East Belfast STARS
Case Study: Embedding Restorative Practice in Local East Belfast Schools
Restorative practices have gained recognition for their ability to build positive relationships and resolve conflicts within school settings. This case study delves into STARS, an initiative that successfully introduced restorative practices in three local secondary schools and one primary school. The project’s journey has involved a combination of restorative interventions, mentoring, and collaboration with the CIT funded DARE project to instil aspirations and respect among students. Furthermore, it outlines the pivotal visit to Carr Manor, Leeds, which inspired the participating schools and the STARS project staff to embark on this transformative journey.
The East Belfast STARS school project Inception:
The STARS primary objective was to bring the benefits of restorative practices to Breda Academy, Ashfield Boys High School, Lagan College and Elmgrove Primary School. It has employed a multifaceted approach, delivered restorative interventions and mentored pupils in conflict with peers or teaching staff while partnering with the DARE Project, which focused on nurturing pupils’ dreams, achievements, respect, and engagement. These collaborative efforts contributed significantly to building the STARS project’s credibility among pupils and staff. Each of the schools had received restorative practice introduction training prior to the Carr Manor visit.
Visit to Carr Manor Community School, Leeds:
A critical milestone in the STARS and schools journey occurred when representatives from the project, including senior staff from each participating school, visited Carr Manor Community School. Carr Manor had been implementing restorative practices for 18 years, making it a beacon of success in this field. The visit not only provided valuable insights into the long-term benefits of restorative practices but also inspired the participants profoundly.
Impact on Participants:
The visit to Carr Manor left a lasting impression on the staff from the local schools and the STARS project team. It ignited a strong desire to implement restorative practices in their respective schools. Witnessing the positive outcomes, the three vice-principals, along with other senior staff members, were eager to bring these practices home.

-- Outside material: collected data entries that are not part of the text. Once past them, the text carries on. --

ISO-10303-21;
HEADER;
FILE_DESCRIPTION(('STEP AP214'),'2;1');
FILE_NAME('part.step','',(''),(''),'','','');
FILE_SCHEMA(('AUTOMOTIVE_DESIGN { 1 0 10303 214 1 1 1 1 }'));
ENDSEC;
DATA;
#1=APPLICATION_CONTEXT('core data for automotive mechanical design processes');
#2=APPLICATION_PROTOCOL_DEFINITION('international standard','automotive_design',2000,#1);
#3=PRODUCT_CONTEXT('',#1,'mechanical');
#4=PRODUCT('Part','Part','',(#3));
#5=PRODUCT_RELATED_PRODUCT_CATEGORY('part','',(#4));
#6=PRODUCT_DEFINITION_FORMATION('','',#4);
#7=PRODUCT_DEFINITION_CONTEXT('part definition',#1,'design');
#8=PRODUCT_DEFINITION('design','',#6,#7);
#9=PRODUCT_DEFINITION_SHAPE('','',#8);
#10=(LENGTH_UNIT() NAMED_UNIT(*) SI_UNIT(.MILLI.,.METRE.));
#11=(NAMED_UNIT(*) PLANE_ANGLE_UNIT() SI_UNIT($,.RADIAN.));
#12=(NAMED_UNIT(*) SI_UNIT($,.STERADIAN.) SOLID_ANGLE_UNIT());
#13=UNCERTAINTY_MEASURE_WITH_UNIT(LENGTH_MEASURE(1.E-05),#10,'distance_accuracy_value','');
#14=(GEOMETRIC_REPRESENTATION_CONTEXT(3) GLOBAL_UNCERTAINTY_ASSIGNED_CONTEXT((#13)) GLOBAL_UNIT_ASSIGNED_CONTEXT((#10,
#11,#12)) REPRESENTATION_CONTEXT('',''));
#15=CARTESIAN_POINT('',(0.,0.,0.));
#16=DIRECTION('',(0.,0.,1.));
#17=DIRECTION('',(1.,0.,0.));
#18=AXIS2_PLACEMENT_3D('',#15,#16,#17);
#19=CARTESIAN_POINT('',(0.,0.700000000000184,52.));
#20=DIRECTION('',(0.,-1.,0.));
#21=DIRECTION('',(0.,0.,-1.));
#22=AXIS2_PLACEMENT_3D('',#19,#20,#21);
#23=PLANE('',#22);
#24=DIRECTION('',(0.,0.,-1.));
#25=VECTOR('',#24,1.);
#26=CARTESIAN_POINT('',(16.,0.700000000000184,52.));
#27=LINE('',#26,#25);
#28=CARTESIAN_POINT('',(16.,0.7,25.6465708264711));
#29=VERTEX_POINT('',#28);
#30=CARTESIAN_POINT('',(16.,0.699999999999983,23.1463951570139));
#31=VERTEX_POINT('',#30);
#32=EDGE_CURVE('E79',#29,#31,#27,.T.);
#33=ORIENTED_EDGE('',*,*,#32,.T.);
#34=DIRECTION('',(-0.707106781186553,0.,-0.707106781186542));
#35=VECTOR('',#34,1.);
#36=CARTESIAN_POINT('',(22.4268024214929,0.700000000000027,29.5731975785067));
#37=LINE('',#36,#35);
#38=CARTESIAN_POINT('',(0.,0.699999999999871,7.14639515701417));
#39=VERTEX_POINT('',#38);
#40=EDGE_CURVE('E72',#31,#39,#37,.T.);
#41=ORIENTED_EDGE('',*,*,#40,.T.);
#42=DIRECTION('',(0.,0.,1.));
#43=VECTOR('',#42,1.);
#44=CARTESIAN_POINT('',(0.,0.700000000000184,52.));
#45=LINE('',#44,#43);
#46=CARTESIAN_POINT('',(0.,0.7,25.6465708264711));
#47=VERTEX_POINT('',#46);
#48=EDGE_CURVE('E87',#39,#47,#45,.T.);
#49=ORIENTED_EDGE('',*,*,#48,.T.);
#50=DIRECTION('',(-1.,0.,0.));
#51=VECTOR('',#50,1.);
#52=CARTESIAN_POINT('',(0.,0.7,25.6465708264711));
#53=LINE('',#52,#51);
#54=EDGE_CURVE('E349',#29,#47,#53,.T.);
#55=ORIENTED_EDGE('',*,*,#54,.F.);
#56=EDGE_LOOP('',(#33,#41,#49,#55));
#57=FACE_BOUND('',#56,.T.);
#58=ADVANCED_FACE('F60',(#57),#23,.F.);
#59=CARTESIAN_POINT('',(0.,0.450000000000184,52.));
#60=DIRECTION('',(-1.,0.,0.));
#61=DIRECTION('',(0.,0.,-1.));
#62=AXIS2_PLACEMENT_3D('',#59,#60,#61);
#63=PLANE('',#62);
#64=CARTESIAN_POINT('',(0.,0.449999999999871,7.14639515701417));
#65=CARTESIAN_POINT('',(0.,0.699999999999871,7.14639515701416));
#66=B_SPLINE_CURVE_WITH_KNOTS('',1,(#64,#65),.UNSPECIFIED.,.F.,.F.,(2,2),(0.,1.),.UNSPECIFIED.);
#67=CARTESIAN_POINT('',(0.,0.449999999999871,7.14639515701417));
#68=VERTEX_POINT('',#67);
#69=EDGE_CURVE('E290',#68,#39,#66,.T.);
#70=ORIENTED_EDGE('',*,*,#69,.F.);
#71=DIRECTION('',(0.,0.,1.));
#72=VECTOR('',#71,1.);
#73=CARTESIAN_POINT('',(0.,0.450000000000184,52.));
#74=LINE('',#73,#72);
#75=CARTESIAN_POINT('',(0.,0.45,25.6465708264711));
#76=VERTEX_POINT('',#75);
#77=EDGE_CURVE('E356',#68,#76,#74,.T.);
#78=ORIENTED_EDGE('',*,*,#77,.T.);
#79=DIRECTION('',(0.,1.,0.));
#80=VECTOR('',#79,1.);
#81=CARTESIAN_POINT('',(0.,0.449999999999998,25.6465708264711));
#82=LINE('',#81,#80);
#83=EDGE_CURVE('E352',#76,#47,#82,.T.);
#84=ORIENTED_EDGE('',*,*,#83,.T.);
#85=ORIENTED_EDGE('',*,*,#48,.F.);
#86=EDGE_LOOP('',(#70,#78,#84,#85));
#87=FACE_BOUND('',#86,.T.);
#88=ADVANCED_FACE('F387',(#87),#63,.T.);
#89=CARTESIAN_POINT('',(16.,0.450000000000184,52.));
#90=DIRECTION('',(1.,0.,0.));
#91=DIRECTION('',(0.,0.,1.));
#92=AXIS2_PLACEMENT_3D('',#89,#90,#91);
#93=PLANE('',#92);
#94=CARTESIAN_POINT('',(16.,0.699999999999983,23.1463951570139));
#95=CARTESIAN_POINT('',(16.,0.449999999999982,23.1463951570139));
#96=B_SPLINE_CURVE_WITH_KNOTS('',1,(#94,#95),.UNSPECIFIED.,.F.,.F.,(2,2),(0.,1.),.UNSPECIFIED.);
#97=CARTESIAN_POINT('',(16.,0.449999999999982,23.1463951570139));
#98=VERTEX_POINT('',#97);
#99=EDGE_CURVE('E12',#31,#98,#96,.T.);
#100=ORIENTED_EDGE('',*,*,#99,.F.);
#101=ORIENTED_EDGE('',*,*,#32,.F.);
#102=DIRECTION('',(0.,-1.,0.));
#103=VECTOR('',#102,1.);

The Implementation Strategy:
Following the inspirational visit, STARS has worked collaboratively with the local schools to establish a comprehensive strategy for implementing restorative practices. This strategy encompassed several key components:
- Staff and Pupil Training: A staged training approach has been adopted to ensure that both staff and pupils receive the necessary training on restorative practices. This approach allowed for a sustainable and systematic implementation process.
- Continued Restorative Interventions: STARS continues to provide restorative interventions that highlight the importance of these practices within the school environment. These interventions aim to reinforce the principles of restorative justice and conflict resolution among students.
STARS serves as a compelling example of how a well-structured initiative can facilitate the integration of restorative practices into school settings. By collaborating with the DARE Project and drawing inspiration from a successful model like Carr Manor, the project successfully engaged with local secondary and primary schools. With an emphasis on training and ongoing interventions, STARS is pushing restorative practices to become an integral part of these schools’ cultures, fostering a more inclusive and harmonious learning environment.
“EBA have been instrumental in starting our process as a restorative school. We are on the beginning of the journey but their advice, guidance, training, modelling of restorative practice with our pupils have demonstrated the tools that we as teaching practitioners require to look at conflict and how to resolve the conflict in a solution based approach. They also organised a trip to Carr Manor to see a school far down the line of the restorative and relational journey. This, quite simply was one of the best educational trips that I have had the pleasure to be part of in my 23 year teaching career. It gave me many ideas, strategies and areas to focus on in my school and we have started introducing some of them this year.
Quite simply put their support to me and to the school I am part of has been valued and appreciated but more importantly the impact and the work that is the result of this to our boys will and has gone a long way in building relationships.”
Keith Millar Assistant Vice Principal Ashfield Boys’ High School.